Le drapeau de la Tunisie. Photo d'illustration AFP
Des familles de détenus politiques en Tunisie et leurs avocats ont annoncé vendredi leur transfert sans avertissement vers des prisons éloignées, dénonçant une « décision répressive » et du « harcèlement ». Au moins sept prisonniers, comme les opposants Issam Chebbi et Ridha Belhaj, ont été déplacés jeudi de la prison de Mornaguia, près de Tunis, vers notamment la prison de Borj Erroumi, près de Bizerte (nord), et celle de Siliana (centre-ouest), a indiqué à l'AFP l'avocate Dalila Msaddek.
« Ils ont été transférés sans avertir leurs familles ni leurs avocats », a ajouté Mme Msaddek, dénonçant une « décision répressive » alors que ces prisons sont à au moins une heure de Tunis. Ces détenus ont été condamnés en avril à des peines allant jusqu'à 74 ans de prison dans le méga-procès pour « complot contre la sûreté de l'Etat » où comparaissaient une quarantaine de personnes dont des figures politiques.
Sous les régimes des autocrates Habib Bourguiba et Zine el Abidine Ben Ali, la prison de Borj Erroumi, un ancien bunker de l'armée française construit en 1932 sous la colonisation, a incarné l'enfer carcéral.

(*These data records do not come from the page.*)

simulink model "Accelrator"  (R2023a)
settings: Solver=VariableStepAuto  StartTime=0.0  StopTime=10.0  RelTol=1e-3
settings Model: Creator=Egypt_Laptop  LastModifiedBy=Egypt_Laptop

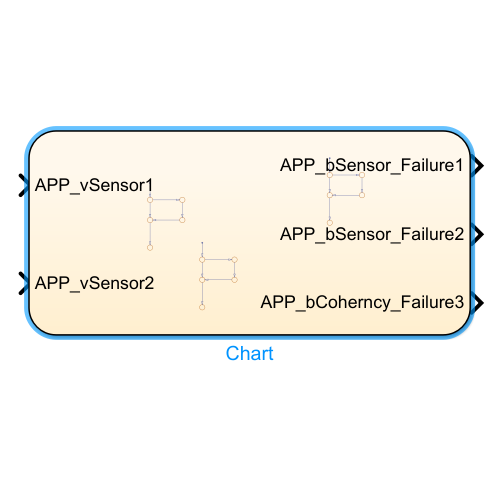
[thumbnail: Simulink's stored preview of the top-level diagram]
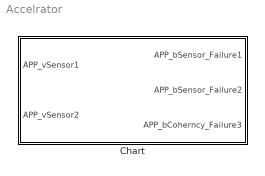
== system Accelrator ==
  Chart : Stateflow chart  TreatAsAtomicUnit=on

== stateflow chart Accelrator/Chart ==
  (default) -> (junction 12) : /* Sensor1 */
  (junction 12) -> (junction 13) [order 1] : [APP_vSensor1>4.5 || APP_vSensor1 <0.5]
  (junction 12) -> (junction 14) [order 2] : {APP_bSensor_Failure1 = 0;}
  (junction 13) -> (junction 15) : {APP_bSensor_Failure1 = 1;}
  (junction 15) -> (junction 14)
  (junction 14) -> (junction 70)
  (junction 70) -> (junction 72) [order 1] : [APP_vSensor2>4.5 || APP_vSensor2 <0.5]
  (junction 70) -> (junction 71) [order 2] : {APP_bSensor_Failure2 = 0;}
  (junction 72) -> (junction 73) : {APP_bSensor_Failure2 = 1;}
  (junction 73) -> (junction 71)
  (junction 71) -> (junction 51)
  (junction 51) -> (junction 43) [order 1] : [(APP_vSensor1 + APP_vSensor2) != 5]
  (junction 51) -> (junction 52) [order 2] : {APP_bCoherncy_Failure3 = 0;}
  (junction 43) -> (junction 47) : {APP_bCoherncy_Failure3 = 1;}
  (junction 47) -> (junction 52)
  (junction 52) -> (junction 45)
  data: APP_vSensor1 input double; APP_vSensor2 input double; APP_bSensor_Failure1 output double; APP_bSensor_Failure2 output double; APP_bCoherncy_Failure3 output double

Certains transferts ont été « musclés », notamment ceux de MM. Belhaj et Chebbi ainsi que de Ghazi Chaouachi, condamnés à 18 ans de prison, face à leur refus, selon l'avocate. « C'est du harcèlement contre ces détenus, leurs familles et leurs avocats pour rendre leurs visites encore plus difficiles », a-t-elle affirmé.
Dans une vidéo, l'épouse de Issam Chebbi a dénoncé « une injustice » et « un grand abus », soulignant avoir été informée de son transfert à Borj Erroumi le jour de sa visite hebdomadaire du jeudi alors que son époux ne l'a su qu' »une heure avant ». En Tunisie, les visites hebdomadaires permettent aux familles d'apporter aux détenus des paniers de nourriture pour tenir toute la semaine.
Ces visites deviennent « un calvaire » pour les familles et les avocats en raison des longues distances à parcourir, a renchéri Me Sami Ben Ghazi, avocat de plusieurs détenus. Le procès dit du « complot » s'est tenu en trois audiences, sans audition des prévenus, ni réquisitoire ni plaidoiries de la défense. Le Haut-Commissariat des Nations unies aux droits de l'homme a dénoncé une procédure « entachée de violations du droit à un procès équitable ». Des critiques venues aussi de France et d'Allemagne ont été qualifiées d' »ingérence flagrante » par le président tunisien Kais Saied.
Depuis un coup de force à l'été 2021 de M. Saied, les ONG tunisiennes et étrangères ont dénoncé une régression des droits et libertés en Tunisie. Lors d'une manifestation vendredi soir à Tunis en soutien à l'avocat ténor du barreau Ahmed Souab, emprisonné pour des déclarations fustigeant les pressions sur les juges lors du procès du « complot », plusieurs personnalités ont dénoncé ces déplacements de prisonniers.
« On vit un retour aux anciennes pratiques de la dictature de Ben Ali pour démoraliser les opposants en prison par leur transfert d'une prison à l'autre », a déclaré à l'AFP l'opposante Chaima Issa. Après lui avoir rendu visite en prison, l'épouse de M. Chebbi a dénoncé des « conditions carcérales au niveau zéro: Issam est dans une pièce avec 60 personnes », a-t-elle dit.